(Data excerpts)
# # #

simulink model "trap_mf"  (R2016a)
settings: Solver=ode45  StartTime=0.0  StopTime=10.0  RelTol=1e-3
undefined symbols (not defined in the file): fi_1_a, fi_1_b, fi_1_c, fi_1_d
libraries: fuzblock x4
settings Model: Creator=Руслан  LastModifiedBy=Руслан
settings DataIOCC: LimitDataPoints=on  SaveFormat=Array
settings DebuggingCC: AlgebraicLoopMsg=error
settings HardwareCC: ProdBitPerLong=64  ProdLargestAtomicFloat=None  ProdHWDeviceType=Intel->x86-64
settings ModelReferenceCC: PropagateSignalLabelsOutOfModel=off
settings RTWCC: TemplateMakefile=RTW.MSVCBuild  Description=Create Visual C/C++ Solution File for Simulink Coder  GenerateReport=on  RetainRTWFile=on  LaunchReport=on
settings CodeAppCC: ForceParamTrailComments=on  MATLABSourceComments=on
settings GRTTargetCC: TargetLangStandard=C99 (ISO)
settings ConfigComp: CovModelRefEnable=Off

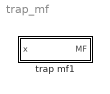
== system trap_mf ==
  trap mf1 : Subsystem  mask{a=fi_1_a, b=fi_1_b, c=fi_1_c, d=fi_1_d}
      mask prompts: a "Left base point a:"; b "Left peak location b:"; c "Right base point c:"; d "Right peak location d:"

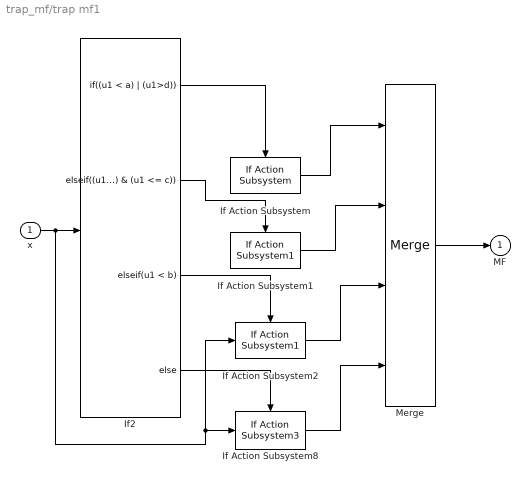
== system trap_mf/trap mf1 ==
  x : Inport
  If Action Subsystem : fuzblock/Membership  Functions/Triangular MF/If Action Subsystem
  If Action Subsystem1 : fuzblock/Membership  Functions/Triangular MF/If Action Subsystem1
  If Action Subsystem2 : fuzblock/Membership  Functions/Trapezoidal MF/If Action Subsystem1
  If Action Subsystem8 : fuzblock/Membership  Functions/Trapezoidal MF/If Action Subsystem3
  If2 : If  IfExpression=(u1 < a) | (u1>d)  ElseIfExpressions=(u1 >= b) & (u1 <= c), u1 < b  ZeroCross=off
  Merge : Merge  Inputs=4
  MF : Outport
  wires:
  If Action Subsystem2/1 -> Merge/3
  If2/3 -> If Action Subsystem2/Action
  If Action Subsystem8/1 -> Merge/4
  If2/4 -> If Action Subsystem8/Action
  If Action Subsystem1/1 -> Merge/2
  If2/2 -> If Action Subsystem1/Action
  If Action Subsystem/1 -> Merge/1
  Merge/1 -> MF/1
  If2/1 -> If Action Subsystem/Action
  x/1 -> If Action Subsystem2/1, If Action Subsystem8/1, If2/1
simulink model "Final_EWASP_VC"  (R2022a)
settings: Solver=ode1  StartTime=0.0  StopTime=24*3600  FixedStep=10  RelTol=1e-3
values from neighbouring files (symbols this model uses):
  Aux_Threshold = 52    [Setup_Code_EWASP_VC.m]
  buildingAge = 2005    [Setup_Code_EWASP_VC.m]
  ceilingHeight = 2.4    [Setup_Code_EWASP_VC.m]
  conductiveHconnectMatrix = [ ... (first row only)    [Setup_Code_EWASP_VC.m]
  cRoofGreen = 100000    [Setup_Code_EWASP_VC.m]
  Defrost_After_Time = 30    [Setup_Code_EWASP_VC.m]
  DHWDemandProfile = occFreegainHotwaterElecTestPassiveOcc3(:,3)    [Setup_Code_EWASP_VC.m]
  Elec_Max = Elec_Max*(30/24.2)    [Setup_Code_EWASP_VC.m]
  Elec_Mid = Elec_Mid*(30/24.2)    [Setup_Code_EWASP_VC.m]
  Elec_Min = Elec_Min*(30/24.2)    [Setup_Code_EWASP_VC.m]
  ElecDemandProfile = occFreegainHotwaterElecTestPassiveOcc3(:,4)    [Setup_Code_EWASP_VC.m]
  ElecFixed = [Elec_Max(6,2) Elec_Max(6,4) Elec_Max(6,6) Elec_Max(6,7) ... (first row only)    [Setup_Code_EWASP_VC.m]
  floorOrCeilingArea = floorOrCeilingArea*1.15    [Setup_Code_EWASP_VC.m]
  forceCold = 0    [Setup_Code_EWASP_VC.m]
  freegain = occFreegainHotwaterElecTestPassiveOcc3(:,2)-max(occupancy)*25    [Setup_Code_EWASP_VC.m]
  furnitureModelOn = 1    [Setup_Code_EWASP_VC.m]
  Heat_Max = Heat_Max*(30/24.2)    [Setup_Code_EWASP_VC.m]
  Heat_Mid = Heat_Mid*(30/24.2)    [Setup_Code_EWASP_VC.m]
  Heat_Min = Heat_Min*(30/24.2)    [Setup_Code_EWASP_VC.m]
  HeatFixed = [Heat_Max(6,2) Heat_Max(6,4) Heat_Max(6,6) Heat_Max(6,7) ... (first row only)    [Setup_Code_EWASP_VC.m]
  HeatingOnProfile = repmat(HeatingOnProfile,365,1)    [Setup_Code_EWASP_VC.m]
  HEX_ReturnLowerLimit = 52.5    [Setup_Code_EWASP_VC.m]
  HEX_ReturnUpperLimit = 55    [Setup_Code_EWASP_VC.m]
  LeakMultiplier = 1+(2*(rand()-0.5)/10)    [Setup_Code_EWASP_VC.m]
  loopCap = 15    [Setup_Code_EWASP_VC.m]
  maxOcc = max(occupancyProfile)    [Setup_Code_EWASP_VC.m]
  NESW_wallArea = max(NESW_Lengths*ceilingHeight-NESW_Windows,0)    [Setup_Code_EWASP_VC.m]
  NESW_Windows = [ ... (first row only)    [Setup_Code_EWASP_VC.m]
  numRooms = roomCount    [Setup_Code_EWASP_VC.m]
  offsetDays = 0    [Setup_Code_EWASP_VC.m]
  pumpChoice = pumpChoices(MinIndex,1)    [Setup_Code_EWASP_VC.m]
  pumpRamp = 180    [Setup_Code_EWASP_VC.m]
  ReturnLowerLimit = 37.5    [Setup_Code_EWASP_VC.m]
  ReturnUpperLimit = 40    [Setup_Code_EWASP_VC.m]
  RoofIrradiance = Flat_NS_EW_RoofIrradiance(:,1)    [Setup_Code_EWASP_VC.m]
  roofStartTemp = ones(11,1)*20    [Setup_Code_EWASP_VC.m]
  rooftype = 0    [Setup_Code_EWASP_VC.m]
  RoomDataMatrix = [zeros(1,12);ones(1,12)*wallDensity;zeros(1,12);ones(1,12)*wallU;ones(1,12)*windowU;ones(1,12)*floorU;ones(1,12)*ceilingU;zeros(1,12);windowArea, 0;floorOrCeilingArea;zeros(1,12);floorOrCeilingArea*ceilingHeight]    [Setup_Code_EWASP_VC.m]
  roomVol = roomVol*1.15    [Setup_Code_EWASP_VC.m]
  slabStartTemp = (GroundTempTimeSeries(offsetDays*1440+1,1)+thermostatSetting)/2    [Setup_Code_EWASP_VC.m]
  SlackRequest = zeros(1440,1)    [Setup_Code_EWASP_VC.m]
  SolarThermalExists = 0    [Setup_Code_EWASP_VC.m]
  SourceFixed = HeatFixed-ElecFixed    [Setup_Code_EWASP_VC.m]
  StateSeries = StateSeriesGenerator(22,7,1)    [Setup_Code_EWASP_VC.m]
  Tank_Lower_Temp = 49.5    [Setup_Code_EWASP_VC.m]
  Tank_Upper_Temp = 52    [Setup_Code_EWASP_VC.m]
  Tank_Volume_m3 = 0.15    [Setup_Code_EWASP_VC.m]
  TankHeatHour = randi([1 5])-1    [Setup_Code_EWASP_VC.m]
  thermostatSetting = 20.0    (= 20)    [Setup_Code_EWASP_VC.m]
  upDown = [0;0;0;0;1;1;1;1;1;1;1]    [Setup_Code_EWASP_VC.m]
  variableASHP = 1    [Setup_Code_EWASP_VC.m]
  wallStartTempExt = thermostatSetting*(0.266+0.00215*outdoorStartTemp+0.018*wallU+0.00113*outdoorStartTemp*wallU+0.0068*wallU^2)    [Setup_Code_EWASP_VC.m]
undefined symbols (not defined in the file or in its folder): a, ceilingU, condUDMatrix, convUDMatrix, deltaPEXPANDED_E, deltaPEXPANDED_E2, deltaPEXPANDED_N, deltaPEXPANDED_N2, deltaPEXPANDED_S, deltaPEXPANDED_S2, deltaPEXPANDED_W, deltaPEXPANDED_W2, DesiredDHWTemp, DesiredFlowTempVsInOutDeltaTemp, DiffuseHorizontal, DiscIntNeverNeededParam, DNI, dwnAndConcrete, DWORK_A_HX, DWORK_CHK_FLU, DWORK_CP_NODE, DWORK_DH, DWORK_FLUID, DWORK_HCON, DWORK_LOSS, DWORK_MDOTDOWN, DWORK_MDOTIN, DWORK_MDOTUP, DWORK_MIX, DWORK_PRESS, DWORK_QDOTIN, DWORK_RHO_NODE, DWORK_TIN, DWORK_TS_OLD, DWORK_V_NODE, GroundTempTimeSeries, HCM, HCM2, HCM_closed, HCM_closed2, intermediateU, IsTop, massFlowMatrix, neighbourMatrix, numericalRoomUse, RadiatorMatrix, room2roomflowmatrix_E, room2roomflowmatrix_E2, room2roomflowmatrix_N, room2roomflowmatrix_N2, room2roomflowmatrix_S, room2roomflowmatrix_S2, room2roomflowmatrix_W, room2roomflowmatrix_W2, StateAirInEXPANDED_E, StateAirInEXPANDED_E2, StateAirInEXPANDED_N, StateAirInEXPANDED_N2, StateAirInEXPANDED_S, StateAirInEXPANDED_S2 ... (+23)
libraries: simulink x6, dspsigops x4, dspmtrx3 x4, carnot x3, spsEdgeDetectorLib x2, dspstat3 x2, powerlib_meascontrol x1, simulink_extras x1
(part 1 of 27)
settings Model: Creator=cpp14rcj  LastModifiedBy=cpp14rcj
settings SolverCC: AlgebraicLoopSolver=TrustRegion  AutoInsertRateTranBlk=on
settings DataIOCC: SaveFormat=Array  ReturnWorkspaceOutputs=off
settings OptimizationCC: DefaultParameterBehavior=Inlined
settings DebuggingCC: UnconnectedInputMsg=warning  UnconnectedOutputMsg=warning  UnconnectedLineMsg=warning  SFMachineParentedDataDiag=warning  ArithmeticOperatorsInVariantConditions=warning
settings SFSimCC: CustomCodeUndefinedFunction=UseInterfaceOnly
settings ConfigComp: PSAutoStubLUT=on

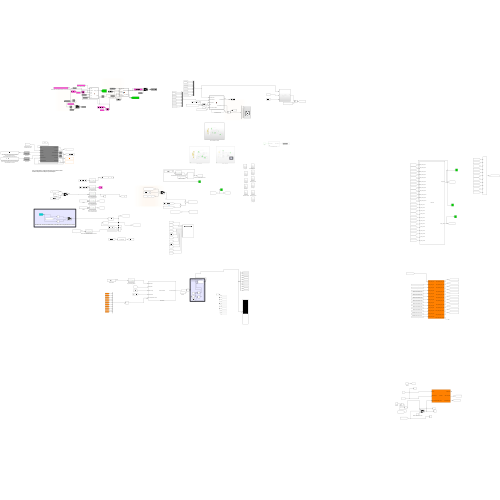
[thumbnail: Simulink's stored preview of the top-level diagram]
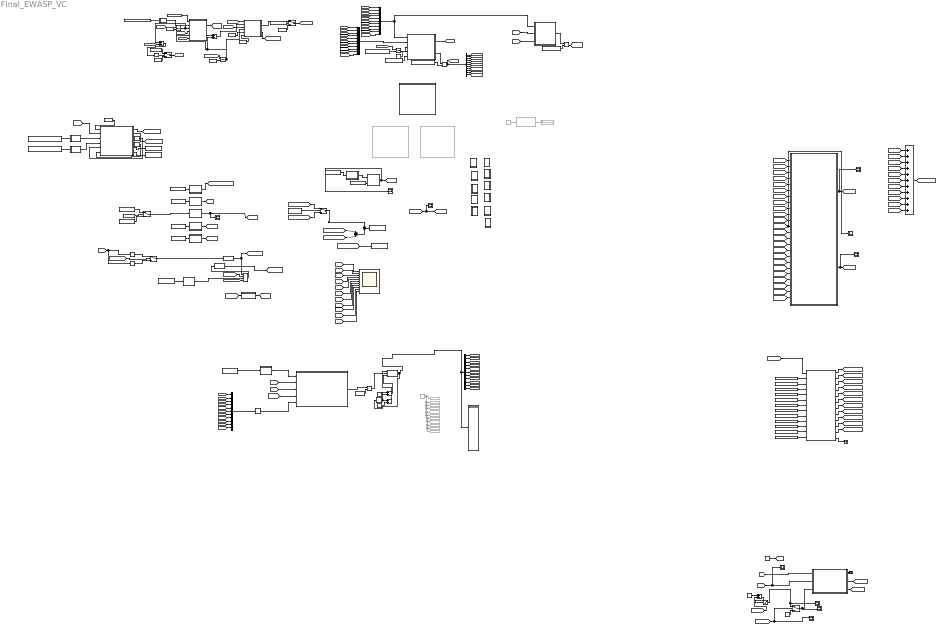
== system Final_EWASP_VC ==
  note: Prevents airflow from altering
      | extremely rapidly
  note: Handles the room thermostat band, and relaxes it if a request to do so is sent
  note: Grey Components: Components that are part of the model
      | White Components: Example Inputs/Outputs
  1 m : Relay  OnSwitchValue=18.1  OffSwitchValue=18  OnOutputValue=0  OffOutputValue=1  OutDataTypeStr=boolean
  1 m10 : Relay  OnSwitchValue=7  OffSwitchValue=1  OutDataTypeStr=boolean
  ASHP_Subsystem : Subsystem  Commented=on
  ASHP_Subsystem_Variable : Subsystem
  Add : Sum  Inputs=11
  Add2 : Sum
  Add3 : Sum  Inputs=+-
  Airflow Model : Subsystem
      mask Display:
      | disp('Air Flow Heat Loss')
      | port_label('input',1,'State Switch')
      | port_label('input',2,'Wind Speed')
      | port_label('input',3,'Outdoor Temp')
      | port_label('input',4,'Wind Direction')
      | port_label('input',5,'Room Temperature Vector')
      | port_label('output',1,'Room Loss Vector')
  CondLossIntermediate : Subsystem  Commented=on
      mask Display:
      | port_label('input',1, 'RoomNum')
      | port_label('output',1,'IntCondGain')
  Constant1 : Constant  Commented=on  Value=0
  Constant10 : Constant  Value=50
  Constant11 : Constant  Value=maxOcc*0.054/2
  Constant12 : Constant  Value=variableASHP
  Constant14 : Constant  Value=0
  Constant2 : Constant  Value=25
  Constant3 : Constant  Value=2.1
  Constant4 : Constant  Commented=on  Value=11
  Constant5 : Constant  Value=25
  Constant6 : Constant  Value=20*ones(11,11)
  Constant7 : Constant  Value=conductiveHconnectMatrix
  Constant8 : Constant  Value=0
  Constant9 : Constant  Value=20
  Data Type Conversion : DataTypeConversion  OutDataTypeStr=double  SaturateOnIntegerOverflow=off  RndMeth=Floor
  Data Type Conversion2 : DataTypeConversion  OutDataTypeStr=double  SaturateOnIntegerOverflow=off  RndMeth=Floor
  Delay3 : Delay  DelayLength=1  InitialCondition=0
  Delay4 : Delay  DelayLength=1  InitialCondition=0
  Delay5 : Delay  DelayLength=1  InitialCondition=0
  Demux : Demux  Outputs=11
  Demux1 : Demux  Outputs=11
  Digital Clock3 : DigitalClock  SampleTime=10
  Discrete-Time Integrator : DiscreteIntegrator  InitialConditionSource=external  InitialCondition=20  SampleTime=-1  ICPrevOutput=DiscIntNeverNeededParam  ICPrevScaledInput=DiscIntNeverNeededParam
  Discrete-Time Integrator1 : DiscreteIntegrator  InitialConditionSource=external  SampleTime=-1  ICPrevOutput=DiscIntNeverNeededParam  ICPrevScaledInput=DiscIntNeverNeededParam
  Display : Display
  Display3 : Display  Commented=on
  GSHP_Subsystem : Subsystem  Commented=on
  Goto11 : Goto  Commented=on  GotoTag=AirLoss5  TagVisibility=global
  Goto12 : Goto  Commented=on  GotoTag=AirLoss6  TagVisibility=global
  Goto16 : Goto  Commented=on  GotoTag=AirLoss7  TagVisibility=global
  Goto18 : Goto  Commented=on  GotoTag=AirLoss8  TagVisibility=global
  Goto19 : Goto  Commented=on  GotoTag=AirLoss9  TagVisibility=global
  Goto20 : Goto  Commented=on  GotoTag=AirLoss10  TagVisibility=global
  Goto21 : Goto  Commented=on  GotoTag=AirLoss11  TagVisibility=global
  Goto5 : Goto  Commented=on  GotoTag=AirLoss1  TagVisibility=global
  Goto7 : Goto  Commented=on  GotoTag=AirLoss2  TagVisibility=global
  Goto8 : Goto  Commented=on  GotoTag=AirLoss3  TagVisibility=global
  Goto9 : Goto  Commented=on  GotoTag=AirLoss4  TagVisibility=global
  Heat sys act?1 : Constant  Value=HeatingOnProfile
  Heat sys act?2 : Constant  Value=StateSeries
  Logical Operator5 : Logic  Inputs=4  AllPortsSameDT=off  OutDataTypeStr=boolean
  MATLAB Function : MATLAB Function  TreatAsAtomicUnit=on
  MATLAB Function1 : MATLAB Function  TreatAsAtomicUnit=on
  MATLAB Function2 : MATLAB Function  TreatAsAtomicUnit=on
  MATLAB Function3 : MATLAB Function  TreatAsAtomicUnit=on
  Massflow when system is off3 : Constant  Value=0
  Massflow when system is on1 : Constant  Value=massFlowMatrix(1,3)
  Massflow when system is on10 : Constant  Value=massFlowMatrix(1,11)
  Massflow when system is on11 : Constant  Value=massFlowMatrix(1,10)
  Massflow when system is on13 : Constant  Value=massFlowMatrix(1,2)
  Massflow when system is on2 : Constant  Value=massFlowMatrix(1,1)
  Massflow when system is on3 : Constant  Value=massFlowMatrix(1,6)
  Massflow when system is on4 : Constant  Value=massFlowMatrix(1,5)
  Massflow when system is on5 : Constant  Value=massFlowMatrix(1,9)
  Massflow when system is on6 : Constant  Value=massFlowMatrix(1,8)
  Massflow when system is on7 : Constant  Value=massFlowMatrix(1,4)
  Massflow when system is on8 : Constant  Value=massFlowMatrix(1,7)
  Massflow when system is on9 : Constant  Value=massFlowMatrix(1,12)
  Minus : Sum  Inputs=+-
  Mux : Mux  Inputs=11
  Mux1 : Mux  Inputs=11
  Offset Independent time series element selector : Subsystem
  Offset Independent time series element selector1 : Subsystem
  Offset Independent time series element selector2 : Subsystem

# # #

__WORK REQUEST__. Above are some records. Count the lines among them with the word "Trapezoidal", and answer with the number only.

__YOUR SOLUTION__. 2